◆ **Problem**
Copy the records below verbatim, from the first line through the line containing "- removed U?: 2_Pin_Junct, symbol 2_Pin_Junct", inclusive, and output nothing else.

────────────────────

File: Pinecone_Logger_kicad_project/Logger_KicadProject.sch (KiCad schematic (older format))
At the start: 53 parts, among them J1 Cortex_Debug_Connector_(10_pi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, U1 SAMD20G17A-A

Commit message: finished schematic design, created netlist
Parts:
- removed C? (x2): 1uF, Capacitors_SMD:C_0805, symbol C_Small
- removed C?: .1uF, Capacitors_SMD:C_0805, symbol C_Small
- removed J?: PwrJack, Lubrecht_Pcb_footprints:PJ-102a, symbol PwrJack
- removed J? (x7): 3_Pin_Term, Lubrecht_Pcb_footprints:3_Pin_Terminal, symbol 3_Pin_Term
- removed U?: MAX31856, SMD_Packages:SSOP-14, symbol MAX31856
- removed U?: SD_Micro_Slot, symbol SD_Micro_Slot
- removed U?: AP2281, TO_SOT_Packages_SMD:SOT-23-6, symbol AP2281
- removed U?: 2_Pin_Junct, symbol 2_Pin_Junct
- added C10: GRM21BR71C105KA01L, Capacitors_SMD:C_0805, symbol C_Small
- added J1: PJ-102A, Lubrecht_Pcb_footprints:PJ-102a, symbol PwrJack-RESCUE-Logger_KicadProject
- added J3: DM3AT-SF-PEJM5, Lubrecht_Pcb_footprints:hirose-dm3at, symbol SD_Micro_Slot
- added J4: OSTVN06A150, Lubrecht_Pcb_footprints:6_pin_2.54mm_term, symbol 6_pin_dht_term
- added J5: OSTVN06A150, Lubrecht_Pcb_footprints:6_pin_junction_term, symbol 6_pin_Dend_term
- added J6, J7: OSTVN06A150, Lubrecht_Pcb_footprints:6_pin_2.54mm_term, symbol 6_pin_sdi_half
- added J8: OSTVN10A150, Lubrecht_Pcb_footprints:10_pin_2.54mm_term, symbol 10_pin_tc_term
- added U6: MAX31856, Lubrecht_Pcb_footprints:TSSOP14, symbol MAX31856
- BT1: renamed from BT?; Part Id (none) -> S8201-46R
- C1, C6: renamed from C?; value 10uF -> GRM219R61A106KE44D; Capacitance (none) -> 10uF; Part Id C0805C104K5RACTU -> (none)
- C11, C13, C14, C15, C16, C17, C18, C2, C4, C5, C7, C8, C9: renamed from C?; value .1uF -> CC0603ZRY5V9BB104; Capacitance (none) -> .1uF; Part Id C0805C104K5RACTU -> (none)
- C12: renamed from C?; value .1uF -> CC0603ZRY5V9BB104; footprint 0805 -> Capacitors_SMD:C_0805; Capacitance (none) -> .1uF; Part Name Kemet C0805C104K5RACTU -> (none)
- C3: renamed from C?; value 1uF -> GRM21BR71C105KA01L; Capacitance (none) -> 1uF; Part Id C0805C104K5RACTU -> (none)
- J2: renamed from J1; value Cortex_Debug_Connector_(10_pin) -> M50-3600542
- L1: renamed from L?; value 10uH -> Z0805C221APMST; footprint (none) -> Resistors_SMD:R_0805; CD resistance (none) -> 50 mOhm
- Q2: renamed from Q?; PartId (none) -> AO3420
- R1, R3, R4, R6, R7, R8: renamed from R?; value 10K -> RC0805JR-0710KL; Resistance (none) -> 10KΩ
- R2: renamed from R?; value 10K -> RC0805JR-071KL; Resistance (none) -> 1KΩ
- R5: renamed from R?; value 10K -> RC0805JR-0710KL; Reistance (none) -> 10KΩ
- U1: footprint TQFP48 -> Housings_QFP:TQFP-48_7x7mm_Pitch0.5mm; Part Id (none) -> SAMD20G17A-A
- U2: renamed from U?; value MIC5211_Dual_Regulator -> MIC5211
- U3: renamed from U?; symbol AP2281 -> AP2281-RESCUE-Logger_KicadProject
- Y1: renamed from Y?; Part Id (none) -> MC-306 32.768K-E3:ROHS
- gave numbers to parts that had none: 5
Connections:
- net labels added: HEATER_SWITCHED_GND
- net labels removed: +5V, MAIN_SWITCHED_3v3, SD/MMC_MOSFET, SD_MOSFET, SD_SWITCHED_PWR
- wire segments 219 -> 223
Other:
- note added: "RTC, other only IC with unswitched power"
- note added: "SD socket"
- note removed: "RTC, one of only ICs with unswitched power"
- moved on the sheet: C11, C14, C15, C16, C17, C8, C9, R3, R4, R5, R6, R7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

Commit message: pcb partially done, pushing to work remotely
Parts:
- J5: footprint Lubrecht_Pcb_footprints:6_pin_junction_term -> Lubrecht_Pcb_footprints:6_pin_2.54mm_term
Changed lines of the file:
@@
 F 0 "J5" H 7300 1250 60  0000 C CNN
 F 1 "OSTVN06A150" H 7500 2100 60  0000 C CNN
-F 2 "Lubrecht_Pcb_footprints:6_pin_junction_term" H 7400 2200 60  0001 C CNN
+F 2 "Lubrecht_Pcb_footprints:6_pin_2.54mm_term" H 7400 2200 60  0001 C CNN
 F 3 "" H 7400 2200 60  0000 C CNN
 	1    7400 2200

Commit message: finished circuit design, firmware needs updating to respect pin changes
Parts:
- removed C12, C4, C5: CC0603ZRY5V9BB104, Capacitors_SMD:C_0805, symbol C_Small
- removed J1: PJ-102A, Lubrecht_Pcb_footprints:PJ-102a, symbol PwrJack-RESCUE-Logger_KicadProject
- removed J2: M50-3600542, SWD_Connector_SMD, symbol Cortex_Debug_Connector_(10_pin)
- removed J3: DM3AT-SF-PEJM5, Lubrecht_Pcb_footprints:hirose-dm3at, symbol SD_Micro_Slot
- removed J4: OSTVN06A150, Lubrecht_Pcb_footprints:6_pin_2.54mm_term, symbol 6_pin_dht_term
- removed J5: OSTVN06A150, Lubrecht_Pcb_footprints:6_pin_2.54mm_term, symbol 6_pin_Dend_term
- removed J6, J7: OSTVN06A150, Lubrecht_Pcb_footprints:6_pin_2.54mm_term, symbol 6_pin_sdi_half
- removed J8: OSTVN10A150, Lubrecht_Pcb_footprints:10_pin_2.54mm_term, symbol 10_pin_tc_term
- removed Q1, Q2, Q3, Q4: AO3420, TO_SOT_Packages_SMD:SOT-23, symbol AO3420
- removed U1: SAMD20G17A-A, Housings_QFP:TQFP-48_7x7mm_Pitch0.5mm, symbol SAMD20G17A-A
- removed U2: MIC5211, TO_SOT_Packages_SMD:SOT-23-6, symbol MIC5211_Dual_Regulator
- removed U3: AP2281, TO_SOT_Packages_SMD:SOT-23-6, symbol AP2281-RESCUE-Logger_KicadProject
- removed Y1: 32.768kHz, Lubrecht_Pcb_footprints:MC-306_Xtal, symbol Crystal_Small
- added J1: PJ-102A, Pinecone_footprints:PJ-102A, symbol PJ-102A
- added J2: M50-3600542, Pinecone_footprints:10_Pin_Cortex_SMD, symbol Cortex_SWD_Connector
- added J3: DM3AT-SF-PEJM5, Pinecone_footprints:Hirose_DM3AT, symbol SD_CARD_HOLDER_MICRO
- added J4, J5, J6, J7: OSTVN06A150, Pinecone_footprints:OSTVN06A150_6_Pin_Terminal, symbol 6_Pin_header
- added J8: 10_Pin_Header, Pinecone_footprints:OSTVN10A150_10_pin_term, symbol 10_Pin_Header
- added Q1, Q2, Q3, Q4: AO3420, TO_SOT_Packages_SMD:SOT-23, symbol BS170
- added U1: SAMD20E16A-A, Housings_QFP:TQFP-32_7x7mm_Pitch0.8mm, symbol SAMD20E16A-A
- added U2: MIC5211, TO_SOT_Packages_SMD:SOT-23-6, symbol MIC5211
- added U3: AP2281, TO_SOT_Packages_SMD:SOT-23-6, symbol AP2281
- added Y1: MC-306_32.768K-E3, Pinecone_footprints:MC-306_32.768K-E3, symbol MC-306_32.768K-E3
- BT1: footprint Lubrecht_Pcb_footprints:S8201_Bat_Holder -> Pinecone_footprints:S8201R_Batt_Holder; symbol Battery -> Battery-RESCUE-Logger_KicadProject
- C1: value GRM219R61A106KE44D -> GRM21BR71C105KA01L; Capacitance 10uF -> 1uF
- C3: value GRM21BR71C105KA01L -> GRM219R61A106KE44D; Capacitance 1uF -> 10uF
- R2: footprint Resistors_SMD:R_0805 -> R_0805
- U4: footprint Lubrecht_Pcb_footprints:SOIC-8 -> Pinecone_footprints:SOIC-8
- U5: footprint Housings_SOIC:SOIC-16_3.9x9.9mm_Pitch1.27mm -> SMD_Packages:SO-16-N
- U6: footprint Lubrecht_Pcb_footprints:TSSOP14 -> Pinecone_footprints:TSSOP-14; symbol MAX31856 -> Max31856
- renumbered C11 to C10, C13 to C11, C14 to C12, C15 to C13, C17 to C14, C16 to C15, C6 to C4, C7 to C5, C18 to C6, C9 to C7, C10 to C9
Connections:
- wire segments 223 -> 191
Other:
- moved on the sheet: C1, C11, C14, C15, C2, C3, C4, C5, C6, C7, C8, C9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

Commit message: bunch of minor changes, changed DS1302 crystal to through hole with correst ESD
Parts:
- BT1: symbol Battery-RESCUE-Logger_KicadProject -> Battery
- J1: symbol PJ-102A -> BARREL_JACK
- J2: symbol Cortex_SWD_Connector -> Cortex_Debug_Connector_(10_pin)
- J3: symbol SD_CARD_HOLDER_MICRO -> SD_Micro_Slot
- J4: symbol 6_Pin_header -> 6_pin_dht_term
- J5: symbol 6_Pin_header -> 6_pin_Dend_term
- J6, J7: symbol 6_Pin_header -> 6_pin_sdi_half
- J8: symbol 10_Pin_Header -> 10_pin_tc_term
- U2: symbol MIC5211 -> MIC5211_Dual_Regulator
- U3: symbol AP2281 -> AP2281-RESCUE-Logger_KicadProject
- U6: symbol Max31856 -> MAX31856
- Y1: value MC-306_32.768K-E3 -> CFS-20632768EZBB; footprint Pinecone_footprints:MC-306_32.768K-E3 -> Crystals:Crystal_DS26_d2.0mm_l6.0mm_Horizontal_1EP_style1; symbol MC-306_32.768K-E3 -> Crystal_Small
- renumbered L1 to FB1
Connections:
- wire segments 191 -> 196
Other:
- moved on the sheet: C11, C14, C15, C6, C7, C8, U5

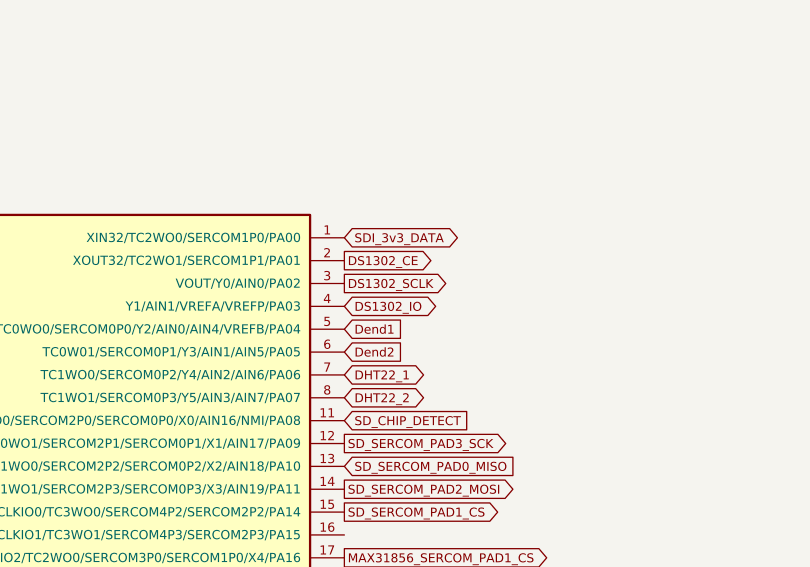
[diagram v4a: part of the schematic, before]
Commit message: completed revision of circuit design, remapped pins in conf_board
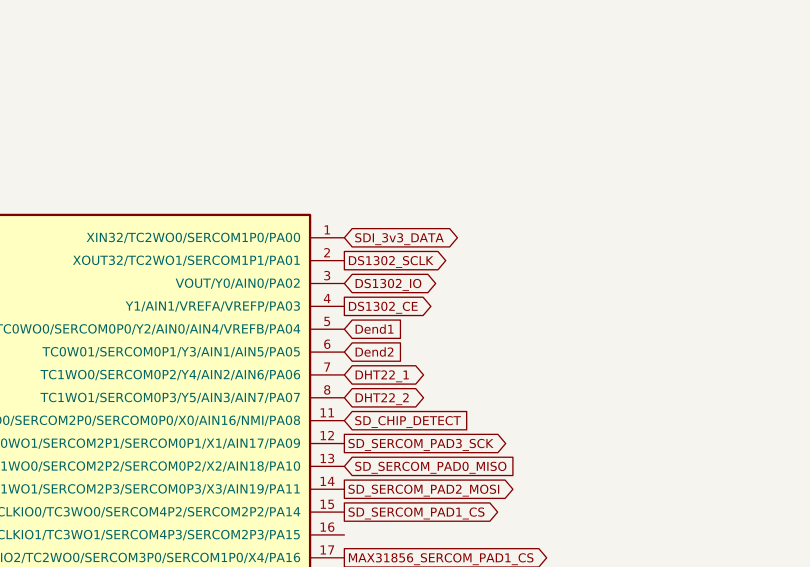
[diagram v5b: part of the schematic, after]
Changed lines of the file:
@@
 Text GLabel 13350 2550 2    39   BiDi ~ 0
 DHT22_2
-Text GLabel 13350 2050 2    39   Output ~ 0
+Text GLabel 13350 1950 2    39   Output ~ 0
 DS1302_SCLK
-Text GLabel 13350 2150 2    39   BiDi ~ 0
+Text GLabel 13350 2050 2    39   BiDi ~ 0
 DS1302_IO
-Text GLabel 13350 1950 2    39   Output ~ 0
+Text GLabel 13350 2150 2    39   Output ~ 0
 DS1302_CE
 Text GLabel 8850 5950 2    39   Output ~ 0

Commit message: changed SOT-23 MOSFETS to have correct pinout. design should work with AO3420's now
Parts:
- Q1, Q2, Q3, Q4: symbol BS170 -> BS170-RESCUE-Logger_KicadProject
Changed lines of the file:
@@
 $EndComp
 $Comp
-L BS170 Q2
+L BS170-RESCUE-Logger_KicadProject Q2
 U 1 1 586F1125
 P 3600 3700
@@
 $EndComp
 $Comp
-L BS170 Q3
+L BS170-RESCUE-Logger_KicadProject Q3
 U 1 1 586F13C8
 P 6500 3300
@@
 $EndComp
 $Comp
-L BS170 Q1
+L BS170-RESCUE-Logger_KicadProject Q1
 U 1 1 586F152B
 P 11250 8800
@@
 $EndComp
 $Comp
-L BS170 Q4
+L BS170-RESCUE-Logger_KicadProject Q4
 U 1 1 586F15E8
 P 6500 4000

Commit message: changed schematic to use DS3231
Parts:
- removed U4: DS1302, Pinecone_footprints:SOIC-8, symbol DS1302
- removed Y1: CFS-20632768EZBB, Crystals:Crystal_DS26_d2.0mm_l6.0mm_Horizontal_1EP_style1, symbol Crystal_Small
- added C16: C0805C104K5RACTU, Capacitors_SMD:C_0805, symbol C_Small
- added U?: DS3231, symbol DS3231
- C6: value CC0603ZRY5V9BB104 -> C0805C104K5RACTU
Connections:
- net labels added: DS3231_INTERRUPT, DS3231_SCL, DS3231_SDA
- net labels removed: DS1302_CE, DS1302_IO, DS1302_SCLK
- wire segments 196 -> 198
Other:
- moved on the sheet: C6
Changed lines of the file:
@@
 Text GLabel 13350 2550 2    39   BiDi ~ 0
 DHT22_2
-Text GLabel 13350 1950 2    39   Output ~ 0
-DS1302_SCLK
+Text GLabel 13350 1950 2    39   BiDi ~ 0
+DS3231_SCL
 Text GLabel 13350 2050 2    39   BiDi ~ 0
-DS1302_IO
-Text GLabel 13350 2150 2    39   Output ~ 0
-DS1302_CE
+DS3231_SDA
 Text GLabel 8850 5950 2    39   Output ~ 0
 MAX31856_SERCOM_PAD0_MISO
@@
 L Battery BT1
 U 1 1 585302CA
-P 14550 8500
-F 0 "BT1" V 14500 8200 50  0000 L CNN
-F 1 "Battery" H 14650 8450 50  0001 L CNN
-F 2 "Pinecone_footprints:S8201R_Batt_Holder" V 14550 8540 50  0001 C CNN
-F 3 "" V 14550 8540 50  0000 C CNN
-F 4 "S8201-46R" H 14550 8500 60  0001 C CNN "Part Id"
-	1    14550 8500
-	-1   0    0    1
-$EndComp
-$Comp
-L DS1302 U4
-U 1 1 5853044D
-P 14000 8600
-F 0 "U4" H 13900 8100 60  0000 C CNN
-F 1 "DS1302" H 14000 8700 60  0000 C CNN
-F 2 "Pinecone_footprints:SOIC-8" H 14000 8600 60  0001 C CNN
-F 3 "" H 14000 8600 60  0000 C CNN
-	1    14000 8600
+P 14900 8800
+F 0 "BT1" H 14950 8650 50  0000 L CNN
+F 1 "Battery" H 15000 8750 50  0001 L CNN
+F 2 "Pinecone_footprints:S8201R_Batt_Holder" V 14900 8840 50  0001 C CNN
+F 3 "" V 14900 8840 50  0000 C CNN
+F 4 "S8201-46R" H 14900 8800 60  0001 C CNN "Part Id"
+	1    14900 8800
 	1    0    0    -1
 $EndComp
@@
 Text GLabel 3950 950  2    39   Output ~ 0
 SWITCHED_3v3
-Text GLabel 14600 8800 2    39   Input ~ 0
-DS1302_SCLK
-Text GLabel 14600 8900 2    39   BiDi ~ 0
-DS1302_IO
-Text GLabel 14600 9000 2    39   Input ~ 0
-DS1302_CE
+Text GLabel 14650 8450 2    39   Input ~ 0
+DS3231_SCL
+Text GLabel 14650 8550 2    39   BiDi ~ 0
+DS3231_SDA
 Text GLabel 13350 3950 2    39   Output ~ 0
 3v3_PWR_ENABLE
@@
 L +3V3 #PWR010
 U 1 1 58597699
-P 13500 8450
-F 0 "#PWR010" H 13500 8300 50  0001 C CNN
-F 1 "+3V3" H 13500 8600 50  0000 C CNN
-F 2 "" H 13500 8450 50  0000 C CNN
-F 3 "" H 13500 8450 50  0000 C CNN
-	1    13500 8450
+P 13550 8450
+F 0 "#PWR010" H 13550 8300 50  0001 C CNN
+F 1 "+3V3" H 13550 8600 50  0000 C CNN
+F 2 "" H 13550 8450 50  0000 C CNN
+F 3 "" H 13550 8450 50  0000 C CNN
+	1    13550 8450
 	1    0    0    -1
 $EndComp
@@
 L GND #PWR011
 U 1 1 58597C9D
-P 13150 8750
-F 0 "#PWR011" H 13150 8500 50  0001 C CNN
-F 1 "GND" H 13150 8600 50  0001 C CNN
-F 2 "" H 13150 8750 50  0000 C CNN
-F 3 "" H 13150 8750 50  0000 C CNN
-	1    13150 8750
+P 13600 9200
+F 0 "#PWR011" H 13600 8950 50  0001 C CNN
+F 1 "GND" H 13600 9050 50  0001 C CNN
+F 2 "" H 13600 9200 50  0000 C CNN
+F 3 "" H 13600 9200 50  0000 C CNN
+	1    13600 9200
 	1    0    0    -1
 $EndComp
@@
 L GND #PWR012
 U 1 1 585981C8
-P 13600 9050
-F 0 "#PWR012" H 13600 8800 50  0001 C CNN
-F 1 "GND" H 13600 8900 50  0001 C CNN
-F 2 "" H 13600 9050 50  0000 C CNN
-F 3 "" H 13600 9050 50  0000 C CNN
-	1    13600 9050
+P 14700 9200
+F 0 "#PWR012" H 14700 8950 50  0001 C CNN
+F 1 "GND" H 14700 9050 50  0001 C CNN
+F 2 "" H 14700 9200 50  0000 C CNN
+F 3 "" H 14700 9200 50  0000 C CNN
+	1    14700 9200
 	1    0    0    -1
 $EndComp
@@
 L C_Small C6
 U 1 1 58599825
-P 13300 8600
-F 0 "C6" V 13400 8700 50  0000 L CNN
-F 1 "CC0603ZRY5V9BB104" V 13400 8500 50  0001 L CNN
-F 2 "Capacitors_SMD:C_0805" H 13300 8600 50  0001 C CNN
-F 3 "" H 13300 8600 50  0000 C CNN
-F 4 ".1uF" V 13250 8400 39  0000 C CNN "Capacitance"
-	1    13300 8600
-	0    1    1    0
-$EndComp
-$Comp
-L GND #PWR013
-U 1 1 58599C87
-P 14750 8550
-F 0 "#PWR013" H 14750 8300 50  0001 C CNN
-F 1 "GND" H 14750 8400 50  0001 C CNN
-F 2 "" H 14750 8550 50  0000 C CNN
-F 3 "" H 14750 8550 50  0000 C CNN
-	1    14750 8550
-	1    0    0    -1
+P 15100 8750
+F 0 "C6" H 14900 8700 50  0000 L CNN
+F 1 "C0805C104K5RACTU" V 15200 8650 50  0001 L CNN
+F 2 "Capacitors_SMD:C_0805" H 15100 8750 50  0001 C CNN
+F 3 "" H 15100 8750 50  0000 C CNN
+F 4 ".1uF" H 14950 8800 39  0000 C CNN "Capacitance"
+	1    15100 8750
+	-1   0    0    1
 $EndComp
 $Comp
@@
 Text Notes 7200 3500 0    60   ~ 0
 Ports for Dendrometers.\nData pins connected to analog inputs.
-Text Notes 14100 9300 0    60   ~ 0
+Text Notes 14050 9450 0    60   ~ 0
 RTC, other only IC with unswitched power
 $Comp
@@
 Wire Wire Line
 	13550 6400 13550 6500
-Wire Wire Line
-	13600 9000 13600 9050
 Connection ~ 3700 3950
 Wire Wire Line
@@
 Wire Wire Line
 	3700 3900 3700 4000
-Wire Wire Line
-	14500 9000 14600 9000
-Wire Wire Line
-	14600 8900 14500 8900
-Wire Wire Line
-	14500 8800 14600 8800
 Wire Wire Line
 	6700 5750 6850 5750
@@
 	10000 2500 10000 2450
 Wire Wire Line
-	14550 8700 14500 8700
-Wire Wire Line
 	13400 6400 13600 6400
 Connection ~ 13550 6400
@@
 Wire Wire Line
 	7750 6350 7750 6300
-$Comp
-L Crystal_Small Y1
-U 1 1 587475EE
-P 13400 8850
-F 0 "Y1" H 13350 8350 60  0000 C CNN
-F 1 "CFS-20632768EZBB" H 13550 8200 60  0000 C CNN
-F 2 "Crystals:Crystal_DS26_d2.0mm_l6.0mm_Horizontal_1EP_style1" H 13400 8850 60  0001 C CNN
-F 3 "" H 13400 8850 60  0001 C CNN
-	1    13400 8850
-	0    1    1    0
-$EndComp
 $Comp
 L R_Small R2
@@
 	10450 6200 10450 6300
 Wire Wire Line
-	13600 8800 13500 8800
-Wire Wire Line
-	13500 8800 13500 8750
-Wire Wire Line
-	13500 8750 13400 8750
-Wire Wire Line
-	13600 8900 13500 8900
-Wire Wire Line
-	13500 8900 13500 8950
-Wire Wire Line
-	13500 8950 13400 8950
-Wire Wire Line
-	13500 8700 13600 8700
-Wire Wire Line
-	13500 8450 13500 8700
-Wire Wire Line
 	5750 900  5800 900
 Wire Wire Line
@@
 Wire Wire Line
 	10000 2750 10850 2750
-Wire Wire Line
-	13500 8600 13400 8600
-Connection ~ 13500 8600
-Wire Wire Line
-	13200 8600 13150 8600
-Wire Wire Line
-	13150 8600 13150 8750
-Wire Wire Line
-	14550 8700 14550 8650
-Wire Wire Line
-	14550 8350 14750 8350
-Wire Wire Line
-	14750 8350 14750 8550
 Text GLabel 8950 6300 2    39   Input ~ 0
 SWITCHED_3v3
@@
 Wire Wire Line
 	7550 6050 7550 6150
+$Comp
+L DS3231 U?
+U 1 1 58B0BC60
+P 14000 8350
+F 0 "U?" H 13900 7350 60  0000 C CNN
+F 1 "DS3231" H 14250 8450 60  0000 C CNN
+F 2 "" H 14000 8350 60  0000 C CNN
+F 3 "" H 14000 8350 60  0000 C CNN
+	1    14000 8350
+	1    0    0    -1
+$EndComp
+Wire Wire Line
+	14600 8650 15100 8650
+$Comp
+L C_Small C16
+U 1 1 58B0D767
+P 13450 8800
+F 0 "C16" H 13300 8700 50  0000 L CNN
+F 1 "C0805C104K5RACTU" V 13550 8700 50  0001 L CNN
+F 2 "Capacitors_SMD:C_0805" H 13450 8800 50  0001 C CNN
+F 3 "" H 13450 8800 50  0000 C CNN
+F 4 ".1uF" H 13300 8800 39  0000 C CNN "Capacitance"
+	1    13450 8800
+	1    0    0    -1
+$EndComp
+Connection ~ 14900 8650
+$Comp
+L GND #PWR?
+U 1 1 58B0E284
+P 15100 8900
+F 0 "#PWR?" H 15100 8650 50  0001 C CNN
+F 1 "GND" H 15100 8750 50  0001 C CNN
+F 2 "" H 15100 8900 50  0000 C CNN
+F 3 "" H 15100 8900 50  0000 C CNN
+	1    15100 8900
+	1    0    0    -1
+$EndComp
+Wire Wire Line
+	14650 8550 14600 8550
+Wire Wire Line
+	14600 8450 14650 8450
+Text GLabel 13350 2150 2    39   Input ~ 0
+DS3231_INTERRUPT
+Text GLabel 13300 8650 0    39   Output ~ 0
+DS3231_INTERRUPT
+Wire Wire Line
+	13450 8550 13650 8550
+Wire Wire Line
+	13550 8550 13550 8450
+Wire Wire Line
+	13550 8850 13650 8850
+Wire Wire Line
+	13450 8950 13650 8950
+Wire Wire Line
+	13550 9050 13650 9050
+Connection ~ 13550 8950
+Wire Wire Line
+	13550 9150 13650 9150
+Connection ~ 13550 9050
+Wire Wire Line
+	13600 9150 13600 9200
+Connection ~ 13600 9150
+Wire Wire Line
+	14600 8750 14700 8750
+Wire Wire Line
+	14700 8750 14700 9200
+Wire Wire Line
+	14700 8850 14600 8850
+Wire Wire Line
+	14600 8950 14900 8950
+Connection ~ 14700 8850
+Wire Wire Line
+	14700 9050 14600 9050
+Connection ~ 14700 8950
+Wire Wire Line
+	14700 9150 14600 9150
+Connection ~ 14700 9050
+Connection ~ 14700 9150
+Wire Wire Line
+	15100 8900 15100 8850
+Wire Wire Line
+	13650 8650 13300 8650
+Wire Wire Line
+	13450 8550 13450 8700
+Connection ~ 13550 8550
+Wire Wire Line
+	13550 8850 13550 9150
+Wire Wire Line
+	13450 8900 13450 8950
 $EndSCHEMATC

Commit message: added MAX3231 to board, changed xlator mosfets to work
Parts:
- removed C6: C0805C104K5RACTU, Capacitors_SMD:C_0805, symbol C_Small
- removed Q3, Q4: AO3420, TO_SOT_Packages_SMD:SOT-23, symbol BS170-RESCUE-Logger_KicadProject
- added R9: RC0805JR-0710KL, Resistors_SMD:R_0805, symbol R_Small
- BT1: symbol Battery -> Battery-RESCUE-Logger_KicadProject
- C10, C11, C12, C13, C14, C15, C2, C5, C7, C8: value CC0603ZRY5V9BB104 -> C0805C104K5RACTU
- J1: symbol BARREL_JACK -> BARREL_JACK-RESCUE-Logger_KicadProject
- U4: renamed from U?; footprint (none) -> Housings_SOIC:SOIC-16W_7.5x10.3mm_Pitch1.27mm
- renumbered C16 to C6
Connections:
- wire segments 198 -> 194
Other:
- moved on the sheet: R5, R6

────────────────────

◆ **Answer area**
File: Pinecone_Logger_kicad_project/Logger_KicadProject.sch (KiCad schematic (older format))
At the start: 53 parts, among them J1 Cortex_Debug_Connector_(10_pi, U1 SAMD20G17A-A

Commit message: finished schematic design, created netlist
Parts:
- removed C? (x2): 1uF, Capacitors_SMD:C_0805, symbol C_Small
- removed C?: .1uF, Capacitors_SMD:C_0805, symbol C_Small
- removed J?: PwrJack, Lubrecht_Pcb_footprints:PJ-102a, symbol PwrJack
- removed J? (x7): 3_Pin_Term, Lubrecht_Pcb_footprints:3_Pin_Terminal, symbol 3_Pin_Term
- removed U?: MAX31856, SMD_Packages:SSOP-14, symbol MAX31856
- removed U?: SD_Micro_Slot, symbol SD_Micro_Slot
- removed U?: AP2281, TO_SOT_Packages_SMD:SOT-23-6, symbol AP2281
- removed U?: 2_Pin_Junct, symbol 2_Pin_Junct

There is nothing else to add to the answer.